In Sabah, the local authorities were established through provisions under the Local Government Ordinance 1961. This ordinance also outlines the responsibility and function of local councils in Sabah. A state ministry, the Ministry of Local Government and Housing, created for the first time after the state election in 1963, governs the operation of local authorities in the state.

In Sarawak, local authorities were established under the Local Authority Ordinance 1996. This ordinance is the successor of pre-independence law, the Local Government Ordinance 1948. Other laws regulating the running of local authorities in Sarawak include Building Ordinance 1994, Protection of Public Health Ordinance 1999 as well as by-laws formulated under this main laws. Meanwhile, the local authorities in Kuching area were established under the provision of Kuching Municipal Ordinance 1988 and City of Kuching North Ordinance 1988. Under these ordinances, there are currently three local authorities in Kuching area, namely Kuching North City Hall, Kuching South City Council and Padawan Municipal Council. The latter two however were later governed under the Local Authority Ordinance 1996. The state Ministry of Environment and Public Health is responsible for overseeing the running of local councils in the state.
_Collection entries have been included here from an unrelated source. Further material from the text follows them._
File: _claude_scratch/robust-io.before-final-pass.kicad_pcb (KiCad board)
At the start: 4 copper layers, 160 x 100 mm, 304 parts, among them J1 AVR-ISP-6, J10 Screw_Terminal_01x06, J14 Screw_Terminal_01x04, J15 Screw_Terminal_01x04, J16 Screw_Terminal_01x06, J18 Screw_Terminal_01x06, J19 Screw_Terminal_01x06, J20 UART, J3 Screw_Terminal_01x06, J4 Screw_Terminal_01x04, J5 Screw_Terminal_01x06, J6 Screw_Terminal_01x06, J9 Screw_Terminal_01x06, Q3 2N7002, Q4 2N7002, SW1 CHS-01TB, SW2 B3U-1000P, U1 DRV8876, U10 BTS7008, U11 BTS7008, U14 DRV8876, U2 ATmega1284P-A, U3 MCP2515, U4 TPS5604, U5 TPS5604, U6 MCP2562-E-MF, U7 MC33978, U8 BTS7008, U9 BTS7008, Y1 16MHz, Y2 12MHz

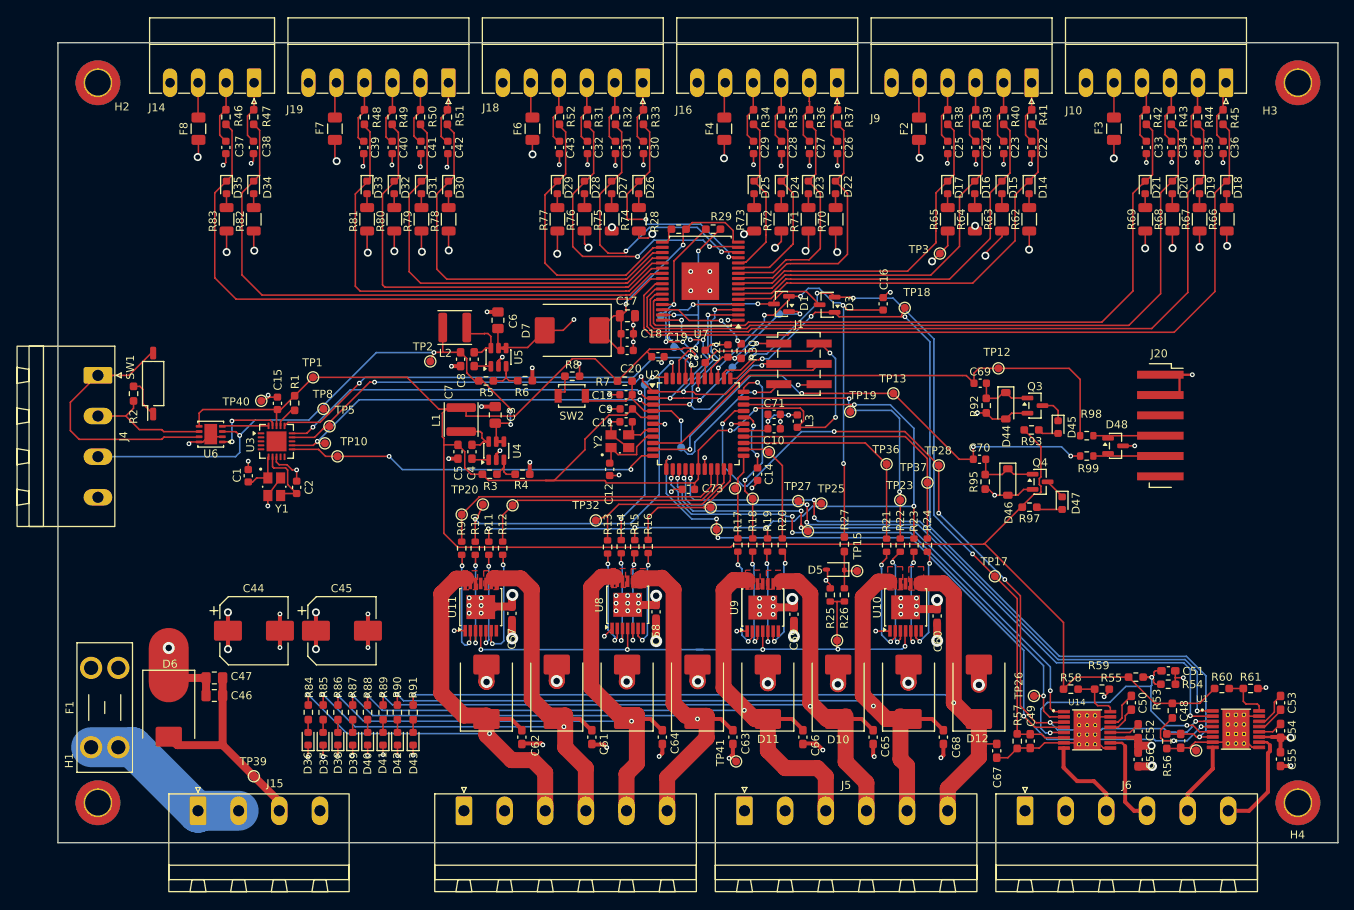
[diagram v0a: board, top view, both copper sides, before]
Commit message: Rev A: release to fab (JLCPCB, 5 PCB / 2 assembled)
Board
- Outline set to exactly 160 x 100 mm; plane zones resized to match
- UART brought out on J20 (1x6 SMD, FTDI pinout) with series
  resistors R98/R99 and TVS D48
- J1 and J20 changed to SMD headers (C52016780, C41417363)
- L1/L2 moved to Sunlord SWPA4030S footprints; regulator tracks rerouted
- 41 test points added (35 top, 6 bottom), including SPI access
- Crystal case pins (Y1/Y2 pads 2, 4) tied to GND
- SW2 changed to 2-pin push button symbol
- R84-R91 changed from 2.2k to 10k to cut dissipation at 24 V
- Thermal vias in U1/U14 enlarged to 0.3 mm drill; 27 +24V vias added
  under U8-U11; solid plane connections on high-current pins
- Input/output rows and edge connectors aligned
- /inputs/_SG4 track and via moved clear of R74 pad 1

Schematic
- ERC cleared: no-connects, PWR_FLAGs, pin types, off-grid items
- Symbols moved to project library robust-io
- Test point symbols added on processor and power sheets

Rules
- Custom DRC rule for U7 pad-to-pad clearance (0.15 mm)
- Minimum through hole 0.2 mm; silk-to-edge check ignored

Fab outputs (fab/)
- make_gerbers.sh: Gerbers, drill and position export via kicad-cli
- JLC BOM with LCSC part numbers on all 50 SMD lines
- JLC placement file with per-part rotation offsets
  (cpl_rotation_offsets.json), verified in JLC placement preview
- Through-hole BOM and test point list

DRC: 4 library-mismatch warnings (J20, U1, U14, U7), 0 errors
ERC: clean
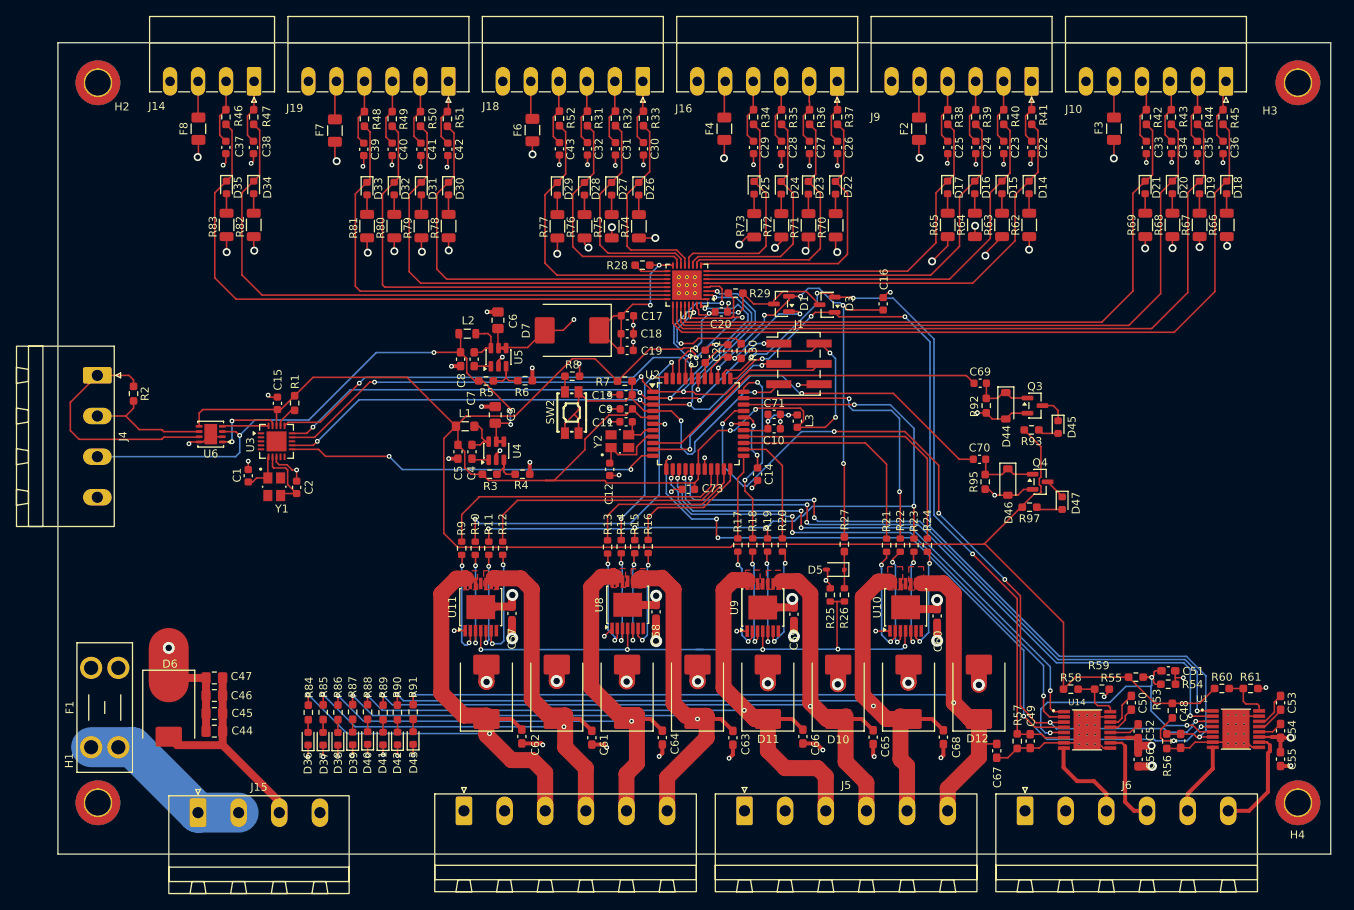
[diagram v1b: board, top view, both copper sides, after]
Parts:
- removed D48: SP0502BAHT, Package_TO_SOT_SMD:SOT-23
- removed J20: UART, Connector_PinHeader_2.54mm:PinHeader_1x06_P2.54mm_Vertical_SMD_Pin1Right
- removed R98, R99: 1k, Resistor_SMD:R_0603_1608Metric
- removed SW1: CHS-01TB, Button_Switch_SMD:SW_DIP_SPSTx01_Slide_Copal_CHS-01B_W7.62mm_P1.27mm
- removed TP1: +3.3V, TestPoint:TestPoint_Pad_D1.0mm
- removed TP10: INT_CAN0, TestPoint:TestPoint_Pad_D1.0mm
- removed TP11: RST, TestPoint:TestPoint_Pad_D1.0mm
- removed TP12: RX0, TestPoint:TestPoint_Pad_D1.0mm
- removed TP13: TX0, TestPoint:TestPoint_Pad_D1.0mm
- removed TP14: ISENSE, TestPoint:TestPoint_Pad_D1.0mm
- removed TP15: ISENSE_PROT, TestPoint:TestPoint_Pad_D1.0mm
- removed TP16: AMUX0, TestPoint:TestPoint_Pad_D1.0mm
- removed TP17: IPROPIM0, TestPoint:TestPoint_Pad_D1.0mm
- removed TP18: IPROPIM1, TestPoint:TestPoint_Pad_D1.0mm
- removed TP19: DSELn, TestPoint:TestPoint_Pad_D1.0mm
- removed TP2: +5V, TestPoint:TestPoint_Pad_D1.0mm
- removed TP20: DEN0, TestPoint:TestPoint_Pad_D1.0mm
- removed TP21: DEN1, TestPoint:TestPoint_Pad_D1.0mm
- removed TP22: DEN2, TestPoint:TestPoint_Pad_D1.0mm
- removed TP23: DEN3, TestPoint:TestPoint_Pad_D1.0mm
- removed TP24: EN_M0, TestPoint:TestPoint_Pad_D1.0mm
- removed TP25: EN_M1, TestPoint:TestPoint_Pad_D1.0mm
- removed TP26: PH_M0, TestPoint:TestPoint_Pad_D1.0mm
- removed TP27: PH_M1, TestPoint:TestPoint_Pad_D1.0mm
- removed TP28: nSLEEPMn, TestPoint:TestPoint_Pad_D1.0mm
- removed TP29: FAULTMn, TestPoint:TestPoint_Pad_D1.0mm
- removed TP3: +24V, TestPoint:TestPoint_Pad_D1.0mm
- removed TP30: DRV_OUT0, TestPoint:TestPoint_Pad_D1.0mm
- removed TP31: DRV_OUT1, TestPoint:TestPoint_Pad_D1.0mm
- removed TP32: DRV_OUT2, TestPoint:TestPoint_Pad_D1.0mm
- removed TP33: DRV_OUT3, TestPoint:TestPoint_Pad_D1.0mm
- removed TP34: DRV_OUT4, TestPoint:TestPoint_Pad_D1.0mm
- removed TP35: DRV_OUT5, TestPoint:TestPoint_Pad_D1.0mm
- removed TP36: DRV_OUT6, TestPoint:TestPoint_Pad_D1.0mm
- removed TP37: DRV_OUT7, TestPoint:TestPoint_Pad_D1.0mm
- removed TP38, TP39, TP40, TP41: GND, TestPoint:TestPoint_Pad_D1.0mm
- removed TP4: SCLK0, TestPoint:TestPoint_Pad_D1.0mm
- removed TP5: MOSI0, TestPoint:TestPoint_Pad_D1.0mm
- removed TP6: MISO0, TestPoint:TestPoint_Pad_D1.0mm
- removed TP7: CS_IN0, TestPoint:TestPoint_Pad_D1.0mm
- removed TP8: CS_CAN, TestPoint:TestPoint_Pad_D1.0mm
- removed TP9: INT_B0, TestPoint:TestPoint_Pad_D1.0mm
- C17: value 10uF 50V -> 100uF; footprint Capacitor_SMD:C_0805_2012Metric -> Capacitor_SMD:C_0603_1608Metric
- C44, C45: footprint Capacitor_SMD:CP_Elec_8x10 -> Capacitor_SMD:C_0805_2012Metric_Pad1.18x1.45mm_HandSolder
- L1: footprint Inductor_SMD:L_Sunlord_SWPA4030S -> Inductor_SMD:L_0805_2012Metric_Pad1.05x1.20mm_HandSolder
- L2: footprint Inductor_SMD:L_Sunlord_SWPA4030S -> Inductor_SMD:L_0805_2012Metric
- R84, R85, R86, R87, R88, R89, R90, R91: value 10k -> 2.2k
- SW2: value B3U-1000P -> EVQ-P9W02W; footprint Button_Switch_SMD:SW_SPST_B3U-1000P -> rml:KEY-SMD_EVQP9W02W
- U7: footprint Package_SO:HSOP-32-1EP_7.5x11mm_P0.65mm_EP4.7x4.7mm -> Package_DFN_QFN:QFN-32-1EP_5x5mm_P0.5mm_EP3.7x3.7mm_ThermalVias
- moved C45 19.0 mm to (49.5, 113.8)
- moved C44 13.5 mm to (49.5, 116.0)
- moved C20 9.70 mm to (112.9, 63.6)
- moved R29 8.48 mm to (114.7, 61.3)
- moved R28 6.39 mm to (103.1, 57.8)
- moved SW2 2.08 mm to (94.2, 76.2)
- moved U7 1.75 mm to (108.6, 60.3)
- moved L2 1.75 mm to (81.2, 66.4)
- moved L1 0.98 mm to (80.9, 77.9), turned to 180 degrees
- moved R74 0.87 mm to (102.6, 52.9)
- moved R75 0.87 mm to (99.2, 52.9)
- moved R76 0.87 mm to (95.8, 52.9)
- moved R77 0.87 mm to (92.4, 52.9)
- moved R78 0.85 mm to (78.8, 52.9)
- moved R79 0.85 mm to (75.4, 52.9)
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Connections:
- R2 pad 1: Net-(R2-Pad1) -> Net-(J4-Pin_1)
- SW2 pad 2: Net-(SW2-D) -> /processor/RST
- Y1 pad 2: GND -> unconnected-(Y1-Pad2)
- Y1 pad 4: GND -> unconnected-(Y1-Pad4)
- Y2 pad 2: GND -> unconnected-(Y2-Pad2)
- Y2 pad 4: GND -> unconnected-(Y2-Pad4)
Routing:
- net GND: track 258.0 -> 233.9 mm, vias 103 -> 91
- net /processor/RX0: track 66.4 -> 44.0 mm
- net +24V: track 131.6 -> 114.5 mm, vias 67 -> 36
- net /processor/TX0: track 64.5 -> 49.2 mm, vias 4 -> 2
- net /processor/RST: track 36.3 -> 45.6 mm
- net Net-(D7-K): track 32.8 -> 24.3 mm
- net /inputs/_SG5: track 36.5 -> 28.0 mm, vias 2 -> 0
- net +3.3V: track 366.9 -> 358.8 mm, vias 8 -> 7
- net /processor/TX0_EXT: track 7.89 -> 0.00 mm
- net /processor/RX0_EXT: track 7.89 -> 0.00 mm
- net /inputs/_SG3: track 19.8 -> 27.7 mm
- net /inputs/_SP4: track 102.3 -> 94.6 mm
- net /inputs/_SG6: track 38.6 -> 31.0 mm, vias 2 -> 0
- net /inputs/_SP5: track 97.4 -> 90.4 mm
- net /inputs/_SG2: track 23.6 -> 30.2 mm
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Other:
- board size 160 x 100 mm -> 159.1 x 101.4 mm

== Types of local government ==

The enforcement of Local Government Act 1976 established in essence only two types of local councils - one for municipality and one for rural area. However, a city status can be conferred to a municipal council by the Yang di-Pertuan Agong with the consent of the Conference of Rulers once it reached the necessary criteria. Apart from that mentioned by the Act 171, there are many other agencies established and charged with the role of a local council. These so-called modified local authorities were established under newly created, separate and special Act of Parliament or state enactments or ordinances.

There are currently four types of local governments in Malaysia.
- City: City Hall (Dewan Bandaraya) or City Council (Majlis Bandaraya), e.g. Kuala Lumpur City Hall
- Municipality: Municipal Council (Majlis Perbandaran), e.g. Kuala Selangor Municipal Council
- Rural areas: District Council (Majlis Daerah), e.g. Sabak Bernam District Council
- Statutory bodies: Corporation, Development Board, Development Authority or simply Pihak Berkuasa Tempatan (e.g. Putrajaya Corporation)

Currently there are a total of 155 local authorities in Malaysia and their breakdown are as follows:
- 20 city councils
- 40 municipal councils
- 91 district councils
- 4 statutory bodies

Prior to the 1973 restructuring exercise, there were 6 types of local governments. The designations and naming vary by state. The total number of local councils in Malaysia then was 418. The types were:
- City Council (Dewan Bandaraya)
- Municipal Council (Majlis Bandaran)
- Town Council (Majlis Bandaran / Jemaah Bandaran)
- Town Board (Lembaga Bandaran)
- Rural District Council (Majlis Daerah Kerajaan Tempatan)
- Local Council (Majlis Tempatan)

==Status criteria==

Among the basic criteria for granting City status on a local government is that it has a minimum population of 500,000 and an annual income of not less than RM 100 million. For a municipal status, the minimum population is 150,000 with an annual income of not less than RM 20 million. These are the latest criteria approved during the State Council Meeting for Local Government in June 2008.

The previous criteria are a minimum of 300,000 residents and minimum annual income of RM 20 million for City and a minimum of 100,000 residents and minimum annual income of RM 5 million for Municipality. Typically, state capitals are granted a minimum of Municipal (Perbandaran) status.